Gxs por los comments Kuntur y Uspaorkoo! Ojalá muy pronto sea una zona de 5 estrellas también... ¡ya es hora!!!... :cheers:


----------



## Skypiura

Buenas fotos de la zona moderna cusqueña..mis felicitaciones globalcitizen5


----------



## ALTIPLANO

interesante
cusco es un ejemplo de ciudad


----------



## augusto for ever

buen thread global, la 6 ta foto creo esa construccion tienen estructuras metalicas? hay muy pocas de ese tipo en cusco


----------



## globalCitizen5

Skypiura said:


> Buenas fotos de la zona moderna cusqueña..mis felicitaciones globalcitizen5


Muchas gracias Skypiura! De hecho, la intención es mostrar algo fresco y pocas veces visto. Saludos para la hermosa tierra piurana!

^^^^^^



ALTIPLANO said:


> interesante
> 
> cusco es un ejemplo de ciudad


Gracias Altiplano! Vamos en ese camino y creo que se vienen cosas mejores! Espero darme tiempo muy pronto para 
pasear por la tierra altiplánica! El lago y las islas hacen la diferencia y muestran paisajes espectaculares!!!



augusto for ever said:


> buen thread global, la 6 ta foto creo esa construccion tienen estructuras metalicas? hay muy pocas de ese tipo en cusco


Gracias Augusto! Así es! Parece ser un estilo más fresco y práctico, además, quedó agradable a la vista! Felicitaciones por 
tu thread, creo que tienes un montón para mostrar!!! Saludos! ... :cheers2:


----------



## globalCitizen5

*Más imágenes...*


----------



## MIG2010

Bueno,la verdad es que las fotos estan muy bonitas,de nuevo felicitaciones.


----------



## globalCitizen5




----------



## globalCitizen5

​


----------



## globalCitizen5




----------



## globalCitizen5

MIG2010 said:


> Bueno,la verdad es que las fotos estan muy bonitas,de nuevo felicitaciones.

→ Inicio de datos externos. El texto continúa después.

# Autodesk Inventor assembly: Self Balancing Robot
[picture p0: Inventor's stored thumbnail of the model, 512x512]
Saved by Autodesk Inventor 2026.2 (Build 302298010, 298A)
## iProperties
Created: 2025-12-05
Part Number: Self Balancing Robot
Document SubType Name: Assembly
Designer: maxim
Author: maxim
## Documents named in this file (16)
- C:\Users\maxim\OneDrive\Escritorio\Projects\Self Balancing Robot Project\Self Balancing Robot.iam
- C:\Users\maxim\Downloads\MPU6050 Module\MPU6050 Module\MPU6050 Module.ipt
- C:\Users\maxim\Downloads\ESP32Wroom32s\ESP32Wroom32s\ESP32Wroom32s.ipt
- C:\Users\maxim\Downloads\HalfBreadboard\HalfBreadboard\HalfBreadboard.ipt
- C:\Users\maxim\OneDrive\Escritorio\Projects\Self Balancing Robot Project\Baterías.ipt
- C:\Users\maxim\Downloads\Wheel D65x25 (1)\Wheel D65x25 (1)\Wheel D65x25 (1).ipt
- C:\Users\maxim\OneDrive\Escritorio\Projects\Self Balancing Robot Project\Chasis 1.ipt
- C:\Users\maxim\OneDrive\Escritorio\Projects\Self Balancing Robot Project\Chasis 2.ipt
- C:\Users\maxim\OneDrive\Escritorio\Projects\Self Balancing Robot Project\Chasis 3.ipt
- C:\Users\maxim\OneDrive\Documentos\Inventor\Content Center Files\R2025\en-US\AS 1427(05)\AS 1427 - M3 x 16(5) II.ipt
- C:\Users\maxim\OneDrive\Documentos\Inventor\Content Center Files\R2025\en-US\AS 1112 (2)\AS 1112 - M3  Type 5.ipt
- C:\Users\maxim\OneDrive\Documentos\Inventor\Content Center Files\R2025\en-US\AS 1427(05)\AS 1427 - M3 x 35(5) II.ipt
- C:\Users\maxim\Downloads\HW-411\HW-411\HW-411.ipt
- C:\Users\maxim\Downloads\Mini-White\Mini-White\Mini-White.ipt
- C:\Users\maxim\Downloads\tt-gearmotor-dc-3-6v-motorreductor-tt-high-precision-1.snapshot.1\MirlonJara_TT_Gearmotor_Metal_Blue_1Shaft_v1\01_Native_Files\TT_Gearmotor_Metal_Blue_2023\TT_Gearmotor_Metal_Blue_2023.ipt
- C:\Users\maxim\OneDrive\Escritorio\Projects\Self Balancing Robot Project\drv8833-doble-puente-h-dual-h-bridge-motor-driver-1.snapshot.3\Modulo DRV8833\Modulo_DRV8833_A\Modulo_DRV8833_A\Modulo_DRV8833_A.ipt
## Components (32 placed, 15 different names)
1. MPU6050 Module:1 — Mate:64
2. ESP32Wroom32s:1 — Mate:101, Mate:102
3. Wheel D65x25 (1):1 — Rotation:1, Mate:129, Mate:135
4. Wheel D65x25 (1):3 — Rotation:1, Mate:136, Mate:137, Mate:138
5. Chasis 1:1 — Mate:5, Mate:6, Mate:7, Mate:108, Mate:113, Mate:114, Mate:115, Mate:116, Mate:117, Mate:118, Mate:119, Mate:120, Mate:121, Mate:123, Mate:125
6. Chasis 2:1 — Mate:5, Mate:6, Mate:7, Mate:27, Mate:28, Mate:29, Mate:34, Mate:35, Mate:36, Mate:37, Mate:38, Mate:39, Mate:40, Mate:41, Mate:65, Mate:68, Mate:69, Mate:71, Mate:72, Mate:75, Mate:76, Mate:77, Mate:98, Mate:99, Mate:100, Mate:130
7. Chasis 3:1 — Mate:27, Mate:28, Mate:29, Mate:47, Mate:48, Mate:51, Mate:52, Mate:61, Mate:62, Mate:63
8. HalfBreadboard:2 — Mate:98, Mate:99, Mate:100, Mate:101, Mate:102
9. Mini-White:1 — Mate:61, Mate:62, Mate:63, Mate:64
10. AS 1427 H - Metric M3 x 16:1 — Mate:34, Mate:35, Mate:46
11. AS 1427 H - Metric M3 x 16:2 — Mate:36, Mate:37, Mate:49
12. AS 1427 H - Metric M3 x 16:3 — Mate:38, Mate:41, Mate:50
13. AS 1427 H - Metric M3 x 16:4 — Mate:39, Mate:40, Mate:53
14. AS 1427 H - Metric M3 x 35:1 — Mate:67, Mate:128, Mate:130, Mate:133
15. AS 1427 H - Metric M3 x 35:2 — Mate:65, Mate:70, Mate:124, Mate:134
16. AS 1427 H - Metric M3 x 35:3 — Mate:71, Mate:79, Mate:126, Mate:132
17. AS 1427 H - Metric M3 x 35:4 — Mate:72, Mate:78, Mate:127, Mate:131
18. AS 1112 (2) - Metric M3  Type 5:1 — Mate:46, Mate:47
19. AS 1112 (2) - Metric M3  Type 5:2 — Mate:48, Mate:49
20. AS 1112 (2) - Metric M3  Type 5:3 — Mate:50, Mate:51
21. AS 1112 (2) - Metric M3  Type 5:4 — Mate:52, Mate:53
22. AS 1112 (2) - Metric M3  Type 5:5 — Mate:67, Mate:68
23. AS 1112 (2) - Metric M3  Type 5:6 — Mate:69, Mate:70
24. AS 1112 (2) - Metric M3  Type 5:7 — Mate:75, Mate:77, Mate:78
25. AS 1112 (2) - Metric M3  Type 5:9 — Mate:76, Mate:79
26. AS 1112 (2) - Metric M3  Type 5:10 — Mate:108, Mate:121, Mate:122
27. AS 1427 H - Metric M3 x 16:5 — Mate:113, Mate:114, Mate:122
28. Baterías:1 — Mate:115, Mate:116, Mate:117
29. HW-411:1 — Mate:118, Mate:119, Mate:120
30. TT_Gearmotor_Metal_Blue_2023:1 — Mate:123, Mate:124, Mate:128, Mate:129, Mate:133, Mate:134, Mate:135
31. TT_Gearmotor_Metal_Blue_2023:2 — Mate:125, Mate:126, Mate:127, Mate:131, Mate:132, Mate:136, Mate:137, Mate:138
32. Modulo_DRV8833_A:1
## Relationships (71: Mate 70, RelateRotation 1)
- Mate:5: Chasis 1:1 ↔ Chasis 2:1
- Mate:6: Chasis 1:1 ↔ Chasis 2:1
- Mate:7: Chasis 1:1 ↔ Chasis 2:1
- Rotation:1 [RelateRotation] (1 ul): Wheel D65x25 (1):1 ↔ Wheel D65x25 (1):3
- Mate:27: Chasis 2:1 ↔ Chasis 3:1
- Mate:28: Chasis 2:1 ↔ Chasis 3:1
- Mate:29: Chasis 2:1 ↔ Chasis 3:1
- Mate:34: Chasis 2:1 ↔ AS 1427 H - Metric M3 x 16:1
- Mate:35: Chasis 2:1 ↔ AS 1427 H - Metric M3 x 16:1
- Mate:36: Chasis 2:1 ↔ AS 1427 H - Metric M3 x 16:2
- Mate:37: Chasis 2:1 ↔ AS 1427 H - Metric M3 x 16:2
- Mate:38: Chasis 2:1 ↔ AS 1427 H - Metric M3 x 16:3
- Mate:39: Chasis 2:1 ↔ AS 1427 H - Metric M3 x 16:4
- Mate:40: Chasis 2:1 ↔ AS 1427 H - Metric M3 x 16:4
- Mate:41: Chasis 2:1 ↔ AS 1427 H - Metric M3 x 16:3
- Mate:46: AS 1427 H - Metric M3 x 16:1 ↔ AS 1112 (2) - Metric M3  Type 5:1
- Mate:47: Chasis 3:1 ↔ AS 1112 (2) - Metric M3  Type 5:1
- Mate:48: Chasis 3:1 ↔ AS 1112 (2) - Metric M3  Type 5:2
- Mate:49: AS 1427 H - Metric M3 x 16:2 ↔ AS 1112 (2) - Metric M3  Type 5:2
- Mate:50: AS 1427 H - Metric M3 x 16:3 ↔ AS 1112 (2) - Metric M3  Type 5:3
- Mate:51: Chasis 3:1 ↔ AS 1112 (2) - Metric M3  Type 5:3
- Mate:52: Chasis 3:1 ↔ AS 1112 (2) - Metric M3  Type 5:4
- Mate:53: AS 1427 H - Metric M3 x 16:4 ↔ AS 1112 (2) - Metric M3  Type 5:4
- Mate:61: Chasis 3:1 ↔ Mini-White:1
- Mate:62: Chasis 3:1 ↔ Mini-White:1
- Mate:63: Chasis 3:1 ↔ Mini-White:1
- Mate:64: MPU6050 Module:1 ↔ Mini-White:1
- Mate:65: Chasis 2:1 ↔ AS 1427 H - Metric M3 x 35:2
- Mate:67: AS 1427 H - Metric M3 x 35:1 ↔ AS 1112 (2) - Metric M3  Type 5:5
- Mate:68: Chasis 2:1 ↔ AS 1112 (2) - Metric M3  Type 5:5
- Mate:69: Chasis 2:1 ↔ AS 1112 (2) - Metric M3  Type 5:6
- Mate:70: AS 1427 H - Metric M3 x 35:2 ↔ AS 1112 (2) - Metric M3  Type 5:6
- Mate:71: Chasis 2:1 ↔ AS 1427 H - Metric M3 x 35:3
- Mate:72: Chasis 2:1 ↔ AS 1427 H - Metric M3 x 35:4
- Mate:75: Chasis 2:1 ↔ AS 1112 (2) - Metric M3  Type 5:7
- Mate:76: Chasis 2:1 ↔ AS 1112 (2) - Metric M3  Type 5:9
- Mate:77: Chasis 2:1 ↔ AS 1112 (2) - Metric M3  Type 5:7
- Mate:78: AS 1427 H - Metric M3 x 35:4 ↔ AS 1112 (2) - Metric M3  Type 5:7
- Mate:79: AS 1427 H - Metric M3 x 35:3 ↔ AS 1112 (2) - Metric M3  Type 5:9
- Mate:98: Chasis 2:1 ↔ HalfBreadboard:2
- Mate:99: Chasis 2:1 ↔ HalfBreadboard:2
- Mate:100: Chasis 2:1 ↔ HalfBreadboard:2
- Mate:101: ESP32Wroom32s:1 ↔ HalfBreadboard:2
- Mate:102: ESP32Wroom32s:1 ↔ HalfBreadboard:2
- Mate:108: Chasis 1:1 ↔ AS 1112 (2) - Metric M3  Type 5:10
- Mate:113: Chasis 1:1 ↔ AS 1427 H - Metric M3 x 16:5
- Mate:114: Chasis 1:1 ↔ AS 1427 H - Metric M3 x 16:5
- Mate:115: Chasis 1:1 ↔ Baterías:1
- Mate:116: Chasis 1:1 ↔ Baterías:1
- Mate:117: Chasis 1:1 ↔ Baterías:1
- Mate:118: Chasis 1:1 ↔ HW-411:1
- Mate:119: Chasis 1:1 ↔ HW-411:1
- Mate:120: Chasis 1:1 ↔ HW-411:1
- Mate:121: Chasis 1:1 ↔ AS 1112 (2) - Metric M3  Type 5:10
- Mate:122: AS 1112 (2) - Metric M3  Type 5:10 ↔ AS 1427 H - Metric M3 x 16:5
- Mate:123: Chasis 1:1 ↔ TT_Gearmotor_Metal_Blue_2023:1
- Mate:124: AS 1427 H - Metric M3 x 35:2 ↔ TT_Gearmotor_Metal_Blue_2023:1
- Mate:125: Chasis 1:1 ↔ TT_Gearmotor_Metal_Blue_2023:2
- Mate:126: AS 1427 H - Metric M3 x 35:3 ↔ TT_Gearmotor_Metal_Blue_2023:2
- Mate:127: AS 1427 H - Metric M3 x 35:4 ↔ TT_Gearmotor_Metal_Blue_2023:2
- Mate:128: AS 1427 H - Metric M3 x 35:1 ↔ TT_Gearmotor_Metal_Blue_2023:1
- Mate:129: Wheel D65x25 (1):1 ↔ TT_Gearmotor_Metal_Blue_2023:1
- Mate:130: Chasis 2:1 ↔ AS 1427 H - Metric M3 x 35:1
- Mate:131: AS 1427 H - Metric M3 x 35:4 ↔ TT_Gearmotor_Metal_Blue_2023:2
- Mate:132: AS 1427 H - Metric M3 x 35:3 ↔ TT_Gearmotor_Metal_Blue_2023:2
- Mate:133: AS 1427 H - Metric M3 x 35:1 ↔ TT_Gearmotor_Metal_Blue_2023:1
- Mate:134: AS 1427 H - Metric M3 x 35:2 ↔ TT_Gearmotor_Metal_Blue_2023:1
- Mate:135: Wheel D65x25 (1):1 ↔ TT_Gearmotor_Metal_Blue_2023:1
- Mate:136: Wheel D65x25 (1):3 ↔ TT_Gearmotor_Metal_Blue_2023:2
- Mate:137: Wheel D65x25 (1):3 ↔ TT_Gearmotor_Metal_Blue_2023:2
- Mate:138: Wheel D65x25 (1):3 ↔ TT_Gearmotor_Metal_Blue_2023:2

^^^^^^ Muchas gracias MIG!! Saludos! kay:kay:kay:


----------



## koko cusco

poco a poco empieza a consolidarse la avenida La Cultura, exelente buenas tomas totalmente nuevas hay mucho que hacer todavia pero en lso ultimos 4 años Cusco ha dado un giro de 180 grados


----------



## Victor23peru

bravazas las pics ^^


----------



## globalCitizen5

^^^^^^ Gracias por sus comments gente!!! ... :cheers2:


----------



## globalCitizen5

*Más imágenes...*


----------



## globalCitizen5

​


----------



## globalCitizen5

​


----------



## globalCitizen5

*¡¡¡ Imagen Nro. 100 !!! ...*








​
¡Gracias por seguir el thread!!! ... :cheers2:


----------



## koko cusco

La foto del post 211 y la última están muy buenas (lástima con los cables)


----------



## globalCitizen5

koko cusco said:


> La foto del post 211 y la última están muy buenas (lástima con los cables)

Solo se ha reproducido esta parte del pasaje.